Share your dilemmas and get honest opinions from other Mumsnetters.

Feeling left out. Alien at the school gates.

109 replies

Cherrycolaxx · 22/07/2020 07:24

My best friend always got abit anxious/paranoid on the school run. There were 2-3 mums she would say to me thought they were better than us/ignored us. I didnt see an issue and used to say not to worry and just chat to people who are nice to you. We were just dropping off and picking up the kids from school. It was an issue my friend had because the women was pretty and always dresses for the gym. I think she felt insecure. Even though she also does the gym.

She still had a few mums on her Facebook from the playground. So she had obviously swapped names. Id added a couple that I'd got to know too. But she remained anxious about certain mums.

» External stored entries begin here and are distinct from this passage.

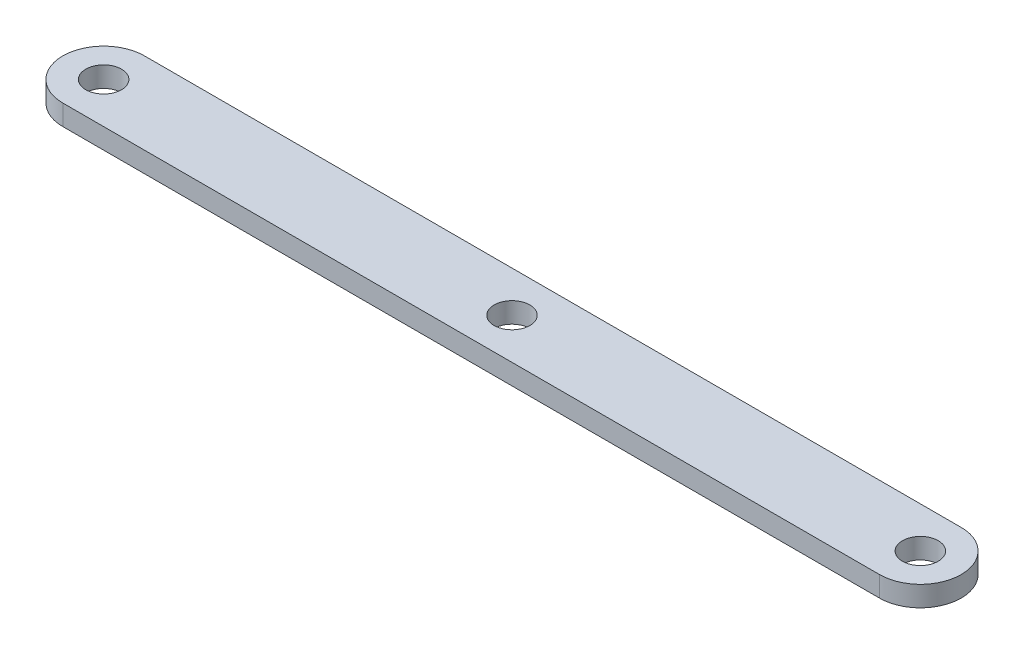
ISO-10303-21;
HEADER;
FILE_DESCRIPTION(('STEP AP214'),'2;1');
FILE_NAME('part.step','',(''),(''),'','','');
FILE_SCHEMA(('AUTOMOTIVE_DESIGN { 1 0 10303 214 1 1 1 1 }'));
ENDSEC;
DATA;
#1=APPLICATION_CONTEXT('core data for automotive mechanical design processes');
#2=APPLICATION_PROTOCOL_DEFINITION('international standard','automotive_design',2000,#1);
#3=PRODUCT_CONTEXT('',#1,'mechanical');
#4=PRODUCT('Part','Part','',(#3));
#5=PRODUCT_RELATED_PRODUCT_CATEGORY('part','',(#4));
#6=PRODUCT_DEFINITION_FORMATION('','',#4);
#7=PRODUCT_DEFINITION_CONTEXT('part definition',#1,'design');
#8=PRODUCT_DEFINITION('design','',#6,#7);
#9=PRODUCT_DEFINITION_SHAPE('','',#8);
#10=(LENGTH_UNIT() NAMED_UNIT(*) SI_UNIT(.MILLI.,.METRE.));
#11=(NAMED_UNIT(*) PLANE_ANGLE_UNIT() SI_UNIT($,.RADIAN.));
#12=(NAMED_UNIT(*) SI_UNIT($,.STERADIAN.) SOLID_ANGLE_UNIT());
#13=UNCERTAINTY_MEASURE_WITH_UNIT(LENGTH_MEASURE(1.E-05),#10,'distance_accuracy_value','');
#14=(GEOMETRIC_REPRESENTATION_CONTEXT(3) GLOBAL_UNCERTAINTY_ASSIGNED_CONTEXT((#13)) GLOBAL_UNIT_ASSIGNED_CONTEXT((#10,
#11,#12)) REPRESENTATION_CONTEXT('',''));
#15=CARTESIAN_POINT('',(0.,0.,0.));
#16=DIRECTION('',(0.,0.,1.));
#17=DIRECTION('',(1.,0.,0.));
#18=AXIS2_PLACEMENT_3D('',#15,#16,#17);
#19=CARTESIAN_POINT('',(-44.9032515738736,2.,-4.));
#20=DIRECTION('',(0.,0.,-1.));
#21=DIRECTION('',(-1.,0.,0.));
#22=AXIS2_PLACEMENT_3D('',#19,#20,#21);
#23=PLANE('',#22);
#24=DIRECTION('',(1.,0.,0.));
#25=VECTOR('',#24,1.);
#26=CARTESIAN_POINT('',(-44.9032515738736,0.,-4.));
#27=LINE('',#26,#25);
#28=CARTESIAN_POINT('',(-44.9032515738736,0.,-4.));
#29=VERTEX_POINT('',#28);
#30=CARTESIAN_POINT('',(35.0967484261266,0.,-4.));
#31=VERTEX_POINT('',#30);
#32=EDGE_CURVE('E103',#29,#31,#27,.T.);
#33=ORIENTED_EDGE('',*,*,#32,.F.);
#34=DIRECTION('',(0.,-1.,0.));
#35=VECTOR('',#34,1.);
#36=CARTESIAN_POINT('',(-44.9032515738736,2.,-4.));
#37=LINE('',#36,#35);
#38=CARTESIAN_POINT('',(-44.9032515738736,2.,-4.));
#39=VERTEX_POINT('',#38);
#40=EDGE_CURVE('E11',#39,#29,#37,.T.);
#41=ORIENTED_EDGE('',*,*,#40,.F.);
#42=DIRECTION('',(1.,0.,0.));
#43=VECTOR('',#42,1.);
#44=CARTESIAN_POINT('',(-44.9032515738736,2.,-4.));
#45=LINE('',#44,#43);
#46=CARTESIAN_POINT('',(35.0967484261266,2.,-4.));
#47=VERTEX_POINT('',#46);
#48=EDGE_CURVE('E95',#39,#47,#45,.T.);
#49=ORIENTED_EDGE('',*,*,#48,.T.);
#50=DIRECTION('',(0.,-1.,0.));
#51=VECTOR('',#50,1.);
#52=CARTESIAN_POINT('',(35.0967484261266,2.,-4.));
#53=LINE('',#52,#51);
#54=EDGE_CURVE('E42',#47,#31,#53,.T.);
#55=ORIENTED_EDGE('',*,*,#54,.T.);
#56=EDGE_LOOP('',(#33,#41,#49,#55));
#57=FACE_BOUND('',#56,.T.);
#58=ADVANCED_FACE('F39',(#57),#23,.T.);
#59=CARTESIAN_POINT('',(-44.9032515738736,2.,0.));
#60=DIRECTION('',(0.,-1.,0.));
#61=DIRECTION('',(0.,0.,-1.));
#62=AXIS2_PLACEMENT_3D('',#59,#60,#61);
#63=CYLINDRICAL_SURFACE('',#62,4.);
#64=CARTESIAN_POINT('',(-44.9032515738736,0.,0.));
#65=DIRECTION('',(0.,1.,0.));
#66=DIRECTION('',(0.,0.,1.));
#67=AXIS2_PLACEMENT_3D('',#64,#65,#66);
#68=CIRCLE('',#67,4.);
#69=CARTESIAN_POINT('',(-44.9032515738736,0.,4.));
#70=VERTEX_POINT('',#69);
#71=EDGE_CURVE('E110',#29,#70,#68,.T.);
#72=ORIENTED_EDGE('',*,*,#71,.T.);
#73=DIRECTION('',(0.,-1.,0.));
#74=VECTOR('',#73,1.);
#75=CARTESIAN_POINT('',(-44.9032515738736,2.,4.));
#76=LINE('',#75,#74);
#77=CARTESIAN_POINT('',(-44.9032515738736,2.,4.));
#78=VERTEX_POINT('',#77);
#79=EDGE_CURVE('E48',#78,#70,#76,.T.);
#80=ORIENTED_EDGE('',*,*,#79,.F.);
#81=CARTESIAN_POINT('',(-44.9032515738736,2.,0.));
#82=DIRECTION('',(0.,1.,0.));
#83=DIRECTION('',(0.,0.,1.));
#84=AXIS2_PLACEMENT_3D('',#81,#82,#83);
#85=CIRCLE('',#84,4.);
#86=EDGE_CURVE('E98',#39,#78,#85,.T.);
#87=ORIENTED_EDGE('',*,*,#86,.F.);
#88=ORIENTED_EDGE('',*,*,#40,.T.);
#89=EDGE_LOOP('',(#72,#80,#87,#88));
#90=FACE_BOUND('',#89,.T.);
#91=ADVANCED_FACE('F161',(#90),#63,.T.);
#92=CARTESIAN_POINT('',(35.0967484261266,2.,4.));
#93=DIRECTION('',(0.,0.,1.));
#94=DIRECTION('',(1.,0.,0.));
#95=AXIS2_PLACEMENT_3D('',#92,#93,#94);
#96=PLANE('',#95);
#97=DIRECTION('',(-1.,0.,0.));
#98=VECTOR('',#97,1.);
#99=CARTESIAN_POINT('',(35.0967484261266,0.,4.));
#100=LINE('',#99,#98);
#101=CARTESIAN_POINT('',(35.0967484261266,0.,4.));
#102=VERTEX_POINT('',#101);
#103=EDGE_CURVE('E90',#102,#70,#100,.T.);
#104=ORIENTED_EDGE('',*,*,#103,.F.);
#105=DIRECTION('',(0.,-1.,0.));
#106=VECTOR('',#105,1.);
#107=CARTESIAN_POINT('',(35.0967484261266,2.,4.));
#108=LINE('',#107,#106);
#109=CARTESIAN_POINT('',(35.0967484261266,2.,4.));
#110=VERTEX_POINT('',#109);
#111=EDGE_CURVE('E86',#110,#102,#108,.T.);
#112=ORIENTED_EDGE('',*,*,#111,.F.);
#113=DIRECTION('',(-1.,0.,0.));
#114=VECTOR('',#113,1.);
#115=CARTESIAN_POINT('',(35.0967484261266,2.,4.));
#116=LINE('',#115,#114);
#117=EDGE_CURVE('E88',#110,#78,#116,.T.);
#118=ORIENTED_EDGE('',*,*,#117,.T.);
#119=ORIENTED_EDGE('',*,*,#79,.T.);
#120=EDGE_LOOP('',(#104,#112,#118,#119));
#121=FACE_BOUND('',#120,.T.);
#122=ADVANCED_FACE('F87',(#121),#96,.T.);
#123=CARTESIAN_POINT('',(35.0967484261266,2.,0.));
#124=DIRECTION('',(0.,-1.,0.));
#125=DIRECTION('',(0.,0.,-1.));
#126=AXIS2_PLACEMENT_3D('',#123,#124,#125);
#127=CYLINDRICAL_SURFACE('',#126,4.);
#128=CARTESIAN_POINT('',(35.0967484261266,0.,0.));
#129=DIRECTION('',(0.,1.,0.));
#130=DIRECTION('',(0.,0.,1.));
#131=AXIS2_PLACEMENT_3D('',#128,#129,#130);
#132=CIRCLE('',#131,4.);
#133=EDGE_CURVE('E106',#102,#31,#132,.T.);
#134=ORIENTED_EDGE('',*,*,#133,.T.);
#135=ORIENTED_EDGE('',*,*,#54,.F.);
#136=CARTESIAN_POINT('',(35.0967484261266,2.,0.));
#137=DIRECTION('',(0.,1.,0.));
#138=DIRECTION('',(0.,0.,1.));
#139=AXIS2_PLACEMENT_3D('',#136,#137,#138);
#140=CIRCLE('',#139,4.);
#141=EDGE_CURVE('E83',#110,#47,#140,.T.);
#142=ORIENTED_EDGE('',*,*,#141,.F.);
#143=ORIENTED_EDGE('',*,*,#111,.T.);
#144=EDGE_LOOP('',(#134,#135,#142,#143));
#145=FACE_BOUND('',#144,.T.);
#146=ADVANCED_FACE('F94',(#145),#127,.T.);
#147=CARTESIAN_POINT('',(35.0967484261266,2.,0.));
#148=DIRECTION('',(0.,1.,0.));
#149=DIRECTION('',(0.,0.,1.));
#150=AXIS2_PLACEMENT_3D('',#147,#148,#149);
#151=PLANE('',#150);
#152=CARTESIAN_POINT('',(-44.9032515738736,2.,0.));
#153=DIRECTION('',(0.,1.,0.));
#154=DIRECTION('',(0.,0.,1.));
#155=AXIS2_PLACEMENT_3D('',#152,#153,#154);
#156=CIRCLE('',#155,1.75);
#157=CARTESIAN_POINT('',(-44.9032515738736,2.,1.75));
#158=VERTEX_POINT('',#157);
#159=EDGE_CURVE('E125',#158,#158,#156,.T.);
#160=ORIENTED_EDGE('',*,*,#159,.F.);
#161=EDGE_LOOP('',(#160));
#162=FACE_BOUND('',#161,.T.);
#163=CARTESIAN_POINT('',(35.0967484261266,2.,0.));
#164=DIRECTION('',(0.,1.,0.));
#165=DIRECTION('',(0.,0.,1.));
#166=AXIS2_PLACEMENT_3D('',#163,#164,#165);
#167=CIRCLE('',#166,1.75);
#168=CARTESIAN_POINT('',(35.0967484261266,2.,1.75));
#169=VERTEX_POINT('',#168);
#170=EDGE_CURVE('E122',#169,#169,#167,.T.);
#171=ORIENTED_EDGE('',*,*,#170,.F.);
#172=EDGE_LOOP('',(#171));
#173=FACE_BOUND('',#172,.T.);
#174=CARTESIAN_POINT('',(-4.90325157387347,2.,0.));
#175=DIRECTION('',(0.,1.,0.));
#176=DIRECTION('',(0.,0.,1.));
#177=AXIS2_PLACEMENT_3D('',#174,#175,#176);
#178=CIRCLE('',#177,1.75);
#179=CARTESIAN_POINT('',(-4.90325157387347,2.,1.75));
#180=VERTEX_POINT('',#179);
#181=EDGE_CURVE('E116',#180,#180,#178,.T.);
#182=ORIENTED_EDGE('',*,*,#181,.F.);
#183=EDGE_LOOP('',(#182));
#184=FACE_BOUND('',#183,.T.);
#185=ORIENTED_EDGE('',*,*,#48,.F.);
#186=ORIENTED_EDGE('',*,*,#86,.T.);
#187=ORIENTED_EDGE('',*,*,#117,.F.);
#188=ORIENTED_EDGE('',*,*,#141,.T.);
#189=EDGE_LOOP('',(#185,#186,#187,#188));
#190=FACE_BOUND('',#189,.T.);
#191=ADVANCED_FACE('F97',(#162,#173,#184,#190),#151,.T.);
#192=CARTESIAN_POINT('',(35.0967484261266,0.,0.));
#193=DIRECTION('',(0.,1.,0.));
#194=DIRECTION('',(0.,0.,1.));
#195=AXIS2_PLACEMENT_3D('',#192,#193,#194);
#196=PLANE('',#195);
#197=CARTESIAN_POINT('',(-44.9032515738736,0.,0.));
#198=DIRECTION('',(0.,1.,0.));
#199=DIRECTION('',(0.,0.,1.));
#200=AXIS2_PLACEMENT_3D('',#197,#198,#199);
#201=CIRCLE('',#200,1.75);
#202=CARTESIAN_POINT('',(-44.9032515738736,0.,1.75));
#203=VERTEX_POINT('',#202);
#204=EDGE_CURVE('E107',#203,#203,#201,.T.);
#205=ORIENTED_EDGE('',*,*,#204,.T.);
#206=EDGE_LOOP('',(#205));
#207=FACE_BOUND('',#206,.T.);
#208=CARTESIAN_POINT('',(35.0967484261266,0.,0.));
#209=DIRECTION('',(0.,1.,0.));
#210=DIRECTION('',(0.,0.,1.));
#211=AXIS2_PLACEMENT_3D('',#208,#209,#210);
#212=CIRCLE('',#211,1.75);
#213=CARTESIAN_POINT('',(35.0967484261266,0.,1.75));
#214=VERTEX_POINT('',#213);
#215=EDGE_CURVE('E119',#214,#214,#212,.T.);
#216=ORIENTED_EDGE('',*,*,#215,.T.);
#217=EDGE_LOOP('',(#216));
#218=FACE_BOUND('',#217,.T.);
#219=CARTESIAN_POINT('',(-4.90325157387347,0.,0.));
#220=DIRECTION('',(0.,1.,0.));
#221=DIRECTION('',(0.,0.,1.));
#222=AXIS2_PLACEMENT_3D('',#219,#220,#221);
#223=CIRCLE('',#222,1.75);
#224=CARTESIAN_POINT('',(-4.90325157387347,0.,1.75));
#225=VERTEX_POINT('',#224);
#226=EDGE_CURVE('E113',#225,#225,#223,.T.);
#227=ORIENTED_EDGE('',*,*,#226,.T.);
#228=EDGE_LOOP('',(#227));
#229=FACE_BOUND('',#228,.T.);
#230=ORIENTED_EDGE('',*,*,#32,.T.);
#231=ORIENTED_EDGE('',*,*,#133,.F.);
#232=ORIENTED_EDGE('',*,*,#103,.T.);
#233=ORIENTED_EDGE('',*,*,#71,.F.);
#234=EDGE_LOOP('',(#230,#231,#232,#233));
#235=FACE_BOUND('',#234,.T.);
#236=ADVANCED_FACE('F131',(#207,#218,#229,#235),#196,.F.);
#237=CARTESIAN_POINT('',(-4.90325157387347,0.,0.));
#238=DIRECTION('',(0.,1.,0.));
#239=DIRECTION('',(0.,0.,1.));
#240=AXIS2_PLACEMENT_3D('',#237,#238,#239);
#241=CYLINDRICAL_SURFACE('',#240,1.75);
#242=ORIENTED_EDGE('',*,*,#226,.F.);
#243=EDGE_LOOP('',(#242));
#244=FACE_BOUND('',#243,.T.);
#245=ORIENTED_EDGE('',*,*,#181,.T.);
#246=EDGE_LOOP('',(#245));
#247=FACE_BOUND('',#246,.T.);
#248=ADVANCED_FACE('F148',(#244,#247),#241,.F.);
#249=CARTESIAN_POINT('',(35.0967484261266,0.,0.));
#250=DIRECTION('',(0.,1.,0.));
#251=DIRECTION('',(0.,0.,1.));
#252=AXIS2_PLACEMENT_3D('',#249,#250,#251);
#253=CYLINDRICAL_SURFACE('',#252,1.75);
#254=ORIENTED_EDGE('',*,*,#215,.F.);
#255=EDGE_LOOP('',(#254));
#256=FACE_BOUND('',#255,.T.);
#257=ORIENTED_EDGE('',*,*,#170,.T.);
#258=EDGE_LOOP('',(#257));
#259=FACE_BOUND('',#258,.T.);
#260=ADVANCED_FACE('F137',(#256,#259),#253,.F.);
#261=CARTESIAN_POINT('',(-44.9032515738736,0.,0.));
#262=DIRECTION('',(0.,1.,0.));
#263=DIRECTION('',(0.,0.,1.));
#264=AXIS2_PLACEMENT_3D('',#261,#262,#263);
#265=CYLINDRICAL_SURFACE('',#264,1.75);
#266=ORIENTED_EDGE('',*,*,#204,.F.);
#267=EDGE_LOOP('',(#266));
#268=FACE_BOUND('',#267,.T.);
#269=ORIENTED_EDGE('',*,*,#159,.T.);
#270=EDGE_LOOP('',(#269));
#271=FACE_BOUND('',#270,.T.);
#272=ADVANCED_FACE('F134',(#268,#271),#265,.F.);
#273=CLOSED_SHELL('',(#58,#91,#122,#146,#191,#236,#248,#260,#272));
#274=MANIFOLD_SOLID_BREP('B2',#273);
#275=ADVANCED_BREP_SHAPE_REPRESENTATION('',(#18,#274),#14);
#276=SHAPE_DEFINITION_REPRESENTATION(#9,#275);
ENDSEC;
END-ISO-10303-21;

In lockdown she chose to send her child. I kept mine off. She said to me on the phone the other day the blonde mum she always called a rude bitch to me etc was actually nice. I then noticed she's added her on Facebook. She's walked to school one morning with another one that approached her at the gates. She also didn't like this women at all and said she was rude..... Which she was one day after school when my child fell over on the path. She glared at us as I was helping my daughter up and pushed past. She did do it in an abrupt way. But I didn't particularly care. She's also added her onto Facebook. She's also added the best friend of the first lady she didn't like too.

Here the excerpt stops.